**Directions**
Look at the entries below and restate word for word the lines from the first through the one that has "import ezdxf".

Dataset entries:

----

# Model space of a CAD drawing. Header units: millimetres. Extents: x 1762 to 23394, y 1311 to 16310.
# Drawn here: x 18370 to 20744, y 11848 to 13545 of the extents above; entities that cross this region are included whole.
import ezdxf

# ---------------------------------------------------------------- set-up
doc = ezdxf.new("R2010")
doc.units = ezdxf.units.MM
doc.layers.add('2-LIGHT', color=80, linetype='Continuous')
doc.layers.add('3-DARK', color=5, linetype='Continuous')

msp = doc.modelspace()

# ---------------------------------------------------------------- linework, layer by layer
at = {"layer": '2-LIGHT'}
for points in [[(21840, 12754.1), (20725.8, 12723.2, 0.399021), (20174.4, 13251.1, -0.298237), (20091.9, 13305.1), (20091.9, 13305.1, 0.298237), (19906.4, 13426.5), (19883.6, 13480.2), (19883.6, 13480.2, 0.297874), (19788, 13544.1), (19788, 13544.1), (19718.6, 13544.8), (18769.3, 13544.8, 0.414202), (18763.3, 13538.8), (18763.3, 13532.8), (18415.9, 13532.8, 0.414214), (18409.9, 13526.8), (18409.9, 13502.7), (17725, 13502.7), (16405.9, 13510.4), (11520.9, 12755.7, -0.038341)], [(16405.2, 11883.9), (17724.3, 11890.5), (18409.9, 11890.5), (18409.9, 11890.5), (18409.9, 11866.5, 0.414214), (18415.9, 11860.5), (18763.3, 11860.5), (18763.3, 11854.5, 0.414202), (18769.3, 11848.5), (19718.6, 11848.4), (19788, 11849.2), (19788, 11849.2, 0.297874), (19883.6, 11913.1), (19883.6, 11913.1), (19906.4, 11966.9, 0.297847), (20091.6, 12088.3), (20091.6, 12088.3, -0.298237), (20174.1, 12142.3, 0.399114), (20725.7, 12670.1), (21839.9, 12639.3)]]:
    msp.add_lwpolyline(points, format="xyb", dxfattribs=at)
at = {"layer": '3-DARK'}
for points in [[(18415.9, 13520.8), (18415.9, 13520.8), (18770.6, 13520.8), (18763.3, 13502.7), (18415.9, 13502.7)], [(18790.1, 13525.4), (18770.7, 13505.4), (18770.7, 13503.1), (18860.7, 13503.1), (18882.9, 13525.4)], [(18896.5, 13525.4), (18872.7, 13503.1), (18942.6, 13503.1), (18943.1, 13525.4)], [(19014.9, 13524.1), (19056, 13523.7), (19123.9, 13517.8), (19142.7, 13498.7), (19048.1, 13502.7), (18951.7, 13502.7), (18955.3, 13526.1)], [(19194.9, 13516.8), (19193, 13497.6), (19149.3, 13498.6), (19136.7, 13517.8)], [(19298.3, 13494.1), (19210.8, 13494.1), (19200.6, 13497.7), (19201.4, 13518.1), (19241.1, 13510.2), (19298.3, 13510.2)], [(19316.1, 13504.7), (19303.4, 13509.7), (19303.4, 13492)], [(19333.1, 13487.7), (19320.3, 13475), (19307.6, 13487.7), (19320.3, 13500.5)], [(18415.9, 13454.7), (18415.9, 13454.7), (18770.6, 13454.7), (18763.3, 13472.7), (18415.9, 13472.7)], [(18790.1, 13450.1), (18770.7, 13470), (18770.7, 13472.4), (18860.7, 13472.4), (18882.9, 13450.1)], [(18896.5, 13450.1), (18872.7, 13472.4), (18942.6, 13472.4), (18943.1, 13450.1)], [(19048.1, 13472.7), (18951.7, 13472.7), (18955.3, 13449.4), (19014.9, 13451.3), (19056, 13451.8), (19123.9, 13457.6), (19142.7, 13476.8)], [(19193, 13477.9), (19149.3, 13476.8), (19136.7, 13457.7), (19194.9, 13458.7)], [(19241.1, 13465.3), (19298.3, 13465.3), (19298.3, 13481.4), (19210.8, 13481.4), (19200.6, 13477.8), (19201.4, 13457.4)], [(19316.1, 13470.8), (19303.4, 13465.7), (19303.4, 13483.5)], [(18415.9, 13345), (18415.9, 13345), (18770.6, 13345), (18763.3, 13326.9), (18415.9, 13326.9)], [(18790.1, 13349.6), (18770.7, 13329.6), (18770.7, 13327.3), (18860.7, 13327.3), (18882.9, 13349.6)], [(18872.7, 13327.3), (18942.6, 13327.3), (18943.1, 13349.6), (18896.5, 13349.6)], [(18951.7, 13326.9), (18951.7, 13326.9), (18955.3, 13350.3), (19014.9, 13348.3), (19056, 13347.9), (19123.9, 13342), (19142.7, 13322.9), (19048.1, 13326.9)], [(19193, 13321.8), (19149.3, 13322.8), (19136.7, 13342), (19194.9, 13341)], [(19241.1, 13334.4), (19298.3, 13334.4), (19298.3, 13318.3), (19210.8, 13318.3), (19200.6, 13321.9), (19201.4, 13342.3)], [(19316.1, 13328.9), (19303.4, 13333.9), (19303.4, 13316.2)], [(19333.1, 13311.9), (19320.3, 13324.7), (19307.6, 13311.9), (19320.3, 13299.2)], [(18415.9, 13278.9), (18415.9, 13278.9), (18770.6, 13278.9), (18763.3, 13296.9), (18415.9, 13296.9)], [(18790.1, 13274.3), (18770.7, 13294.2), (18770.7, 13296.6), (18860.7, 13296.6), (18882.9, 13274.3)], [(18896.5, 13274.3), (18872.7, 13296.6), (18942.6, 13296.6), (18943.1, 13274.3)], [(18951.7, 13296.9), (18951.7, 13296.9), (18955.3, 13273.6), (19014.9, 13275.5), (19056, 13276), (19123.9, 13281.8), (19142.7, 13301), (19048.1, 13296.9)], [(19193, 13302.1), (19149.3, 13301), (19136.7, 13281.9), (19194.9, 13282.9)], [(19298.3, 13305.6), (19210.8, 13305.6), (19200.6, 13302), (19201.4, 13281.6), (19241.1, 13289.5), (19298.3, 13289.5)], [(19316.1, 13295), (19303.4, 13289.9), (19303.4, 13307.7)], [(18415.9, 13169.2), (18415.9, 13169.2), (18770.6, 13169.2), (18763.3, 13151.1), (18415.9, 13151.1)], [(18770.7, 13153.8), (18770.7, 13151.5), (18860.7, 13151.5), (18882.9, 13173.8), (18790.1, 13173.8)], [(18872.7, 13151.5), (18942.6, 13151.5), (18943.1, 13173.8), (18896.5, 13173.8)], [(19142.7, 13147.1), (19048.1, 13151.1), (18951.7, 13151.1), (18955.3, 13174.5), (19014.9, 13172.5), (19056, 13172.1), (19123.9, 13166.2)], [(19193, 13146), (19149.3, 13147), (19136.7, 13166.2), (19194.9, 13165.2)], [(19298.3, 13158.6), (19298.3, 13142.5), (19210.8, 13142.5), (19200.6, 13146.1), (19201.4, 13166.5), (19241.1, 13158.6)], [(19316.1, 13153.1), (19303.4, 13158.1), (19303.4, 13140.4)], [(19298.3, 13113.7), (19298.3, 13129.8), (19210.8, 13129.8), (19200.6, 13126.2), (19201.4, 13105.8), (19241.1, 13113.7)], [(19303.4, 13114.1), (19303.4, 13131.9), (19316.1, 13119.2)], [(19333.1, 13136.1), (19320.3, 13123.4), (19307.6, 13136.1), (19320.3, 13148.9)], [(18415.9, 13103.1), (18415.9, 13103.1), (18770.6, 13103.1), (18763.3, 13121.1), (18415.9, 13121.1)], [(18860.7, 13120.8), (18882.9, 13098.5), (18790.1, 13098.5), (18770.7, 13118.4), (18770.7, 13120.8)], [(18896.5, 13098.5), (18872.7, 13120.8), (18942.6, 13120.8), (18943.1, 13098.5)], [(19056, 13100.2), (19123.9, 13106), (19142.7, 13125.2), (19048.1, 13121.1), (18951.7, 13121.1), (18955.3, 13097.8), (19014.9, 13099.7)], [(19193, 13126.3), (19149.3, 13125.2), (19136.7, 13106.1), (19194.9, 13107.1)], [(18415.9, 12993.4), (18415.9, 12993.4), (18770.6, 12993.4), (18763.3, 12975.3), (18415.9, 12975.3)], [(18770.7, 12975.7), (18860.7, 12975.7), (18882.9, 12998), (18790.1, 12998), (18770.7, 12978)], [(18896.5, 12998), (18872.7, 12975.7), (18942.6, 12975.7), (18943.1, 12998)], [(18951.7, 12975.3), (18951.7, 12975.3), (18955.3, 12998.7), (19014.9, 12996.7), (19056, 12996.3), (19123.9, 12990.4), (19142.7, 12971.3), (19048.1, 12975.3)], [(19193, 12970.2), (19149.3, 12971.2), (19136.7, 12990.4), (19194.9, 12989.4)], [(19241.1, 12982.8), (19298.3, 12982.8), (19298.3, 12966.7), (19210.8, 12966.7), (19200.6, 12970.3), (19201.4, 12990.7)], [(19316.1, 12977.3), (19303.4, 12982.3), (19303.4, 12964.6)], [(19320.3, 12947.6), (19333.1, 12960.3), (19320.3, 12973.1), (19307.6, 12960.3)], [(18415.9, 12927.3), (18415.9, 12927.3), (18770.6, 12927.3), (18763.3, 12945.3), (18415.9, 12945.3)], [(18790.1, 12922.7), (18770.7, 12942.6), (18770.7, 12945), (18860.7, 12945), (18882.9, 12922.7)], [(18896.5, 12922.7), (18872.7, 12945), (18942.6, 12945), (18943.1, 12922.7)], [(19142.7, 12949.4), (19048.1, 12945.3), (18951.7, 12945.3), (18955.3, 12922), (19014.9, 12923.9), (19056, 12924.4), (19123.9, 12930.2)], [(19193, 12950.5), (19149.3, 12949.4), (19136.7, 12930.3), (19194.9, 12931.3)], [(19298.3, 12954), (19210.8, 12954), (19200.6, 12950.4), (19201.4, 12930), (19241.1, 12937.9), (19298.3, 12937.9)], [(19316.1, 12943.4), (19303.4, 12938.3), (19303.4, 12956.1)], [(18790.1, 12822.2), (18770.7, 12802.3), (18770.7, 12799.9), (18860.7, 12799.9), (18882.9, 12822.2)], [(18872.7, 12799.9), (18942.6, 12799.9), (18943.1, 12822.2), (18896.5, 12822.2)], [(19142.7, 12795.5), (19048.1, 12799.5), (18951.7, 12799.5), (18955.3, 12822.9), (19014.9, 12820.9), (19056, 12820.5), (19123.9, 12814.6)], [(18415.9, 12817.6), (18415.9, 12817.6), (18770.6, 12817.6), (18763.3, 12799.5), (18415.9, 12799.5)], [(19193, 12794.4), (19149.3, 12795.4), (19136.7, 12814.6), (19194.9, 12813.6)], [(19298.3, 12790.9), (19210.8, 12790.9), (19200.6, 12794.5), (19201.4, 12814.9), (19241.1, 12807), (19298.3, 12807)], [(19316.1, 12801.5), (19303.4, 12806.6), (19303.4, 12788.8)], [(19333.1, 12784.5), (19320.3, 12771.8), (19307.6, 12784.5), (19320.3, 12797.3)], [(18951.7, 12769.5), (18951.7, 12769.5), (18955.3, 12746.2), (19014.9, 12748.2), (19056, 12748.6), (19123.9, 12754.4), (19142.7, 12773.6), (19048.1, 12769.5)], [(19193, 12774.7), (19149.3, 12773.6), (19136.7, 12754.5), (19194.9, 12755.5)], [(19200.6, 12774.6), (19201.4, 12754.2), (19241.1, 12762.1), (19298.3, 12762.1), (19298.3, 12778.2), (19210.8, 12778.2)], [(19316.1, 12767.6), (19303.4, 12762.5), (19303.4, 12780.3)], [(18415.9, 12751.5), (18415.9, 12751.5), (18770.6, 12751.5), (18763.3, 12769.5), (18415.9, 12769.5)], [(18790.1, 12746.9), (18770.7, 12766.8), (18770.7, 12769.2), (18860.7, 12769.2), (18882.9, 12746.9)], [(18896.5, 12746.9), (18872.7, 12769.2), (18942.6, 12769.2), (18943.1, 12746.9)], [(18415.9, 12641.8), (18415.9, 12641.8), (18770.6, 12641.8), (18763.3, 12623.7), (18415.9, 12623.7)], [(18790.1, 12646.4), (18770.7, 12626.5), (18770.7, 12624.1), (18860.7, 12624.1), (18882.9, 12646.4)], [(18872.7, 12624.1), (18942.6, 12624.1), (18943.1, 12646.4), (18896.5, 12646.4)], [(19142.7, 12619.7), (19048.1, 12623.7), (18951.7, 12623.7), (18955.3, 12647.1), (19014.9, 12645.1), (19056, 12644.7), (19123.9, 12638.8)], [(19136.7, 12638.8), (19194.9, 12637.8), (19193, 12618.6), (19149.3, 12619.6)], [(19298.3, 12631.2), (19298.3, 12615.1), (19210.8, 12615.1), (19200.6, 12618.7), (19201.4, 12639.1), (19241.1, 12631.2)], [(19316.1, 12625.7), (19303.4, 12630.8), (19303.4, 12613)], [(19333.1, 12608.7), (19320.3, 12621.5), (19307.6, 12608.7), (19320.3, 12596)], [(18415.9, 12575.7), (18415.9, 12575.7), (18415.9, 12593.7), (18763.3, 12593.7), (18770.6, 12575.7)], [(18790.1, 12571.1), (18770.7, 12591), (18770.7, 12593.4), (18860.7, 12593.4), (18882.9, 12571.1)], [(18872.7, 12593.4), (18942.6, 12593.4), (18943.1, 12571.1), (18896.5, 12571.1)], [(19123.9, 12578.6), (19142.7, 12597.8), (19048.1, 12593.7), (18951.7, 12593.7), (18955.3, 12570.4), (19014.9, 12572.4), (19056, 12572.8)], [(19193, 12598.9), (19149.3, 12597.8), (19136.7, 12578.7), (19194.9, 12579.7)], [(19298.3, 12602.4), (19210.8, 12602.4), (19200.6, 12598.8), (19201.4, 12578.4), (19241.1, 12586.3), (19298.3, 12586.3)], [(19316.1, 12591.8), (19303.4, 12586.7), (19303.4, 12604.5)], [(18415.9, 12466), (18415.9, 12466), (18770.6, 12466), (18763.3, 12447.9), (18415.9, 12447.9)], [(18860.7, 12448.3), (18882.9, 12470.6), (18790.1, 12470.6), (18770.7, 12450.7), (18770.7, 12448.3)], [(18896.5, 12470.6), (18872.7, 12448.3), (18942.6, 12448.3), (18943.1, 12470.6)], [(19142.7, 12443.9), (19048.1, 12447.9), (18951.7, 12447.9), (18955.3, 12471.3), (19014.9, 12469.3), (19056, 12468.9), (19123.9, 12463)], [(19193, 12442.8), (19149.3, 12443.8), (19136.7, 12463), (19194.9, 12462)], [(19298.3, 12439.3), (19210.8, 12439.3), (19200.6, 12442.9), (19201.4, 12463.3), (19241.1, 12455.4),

----

**Result**
# Model space of a CAD drawing. Header units: millimetres. Extents: x 1762 to 23394, y 1311 to 16310.
# Drawn here: x 18370 to 20744, y 11848 to 13545 of the extents above; entities that cross this region are included whole.
import ezdxf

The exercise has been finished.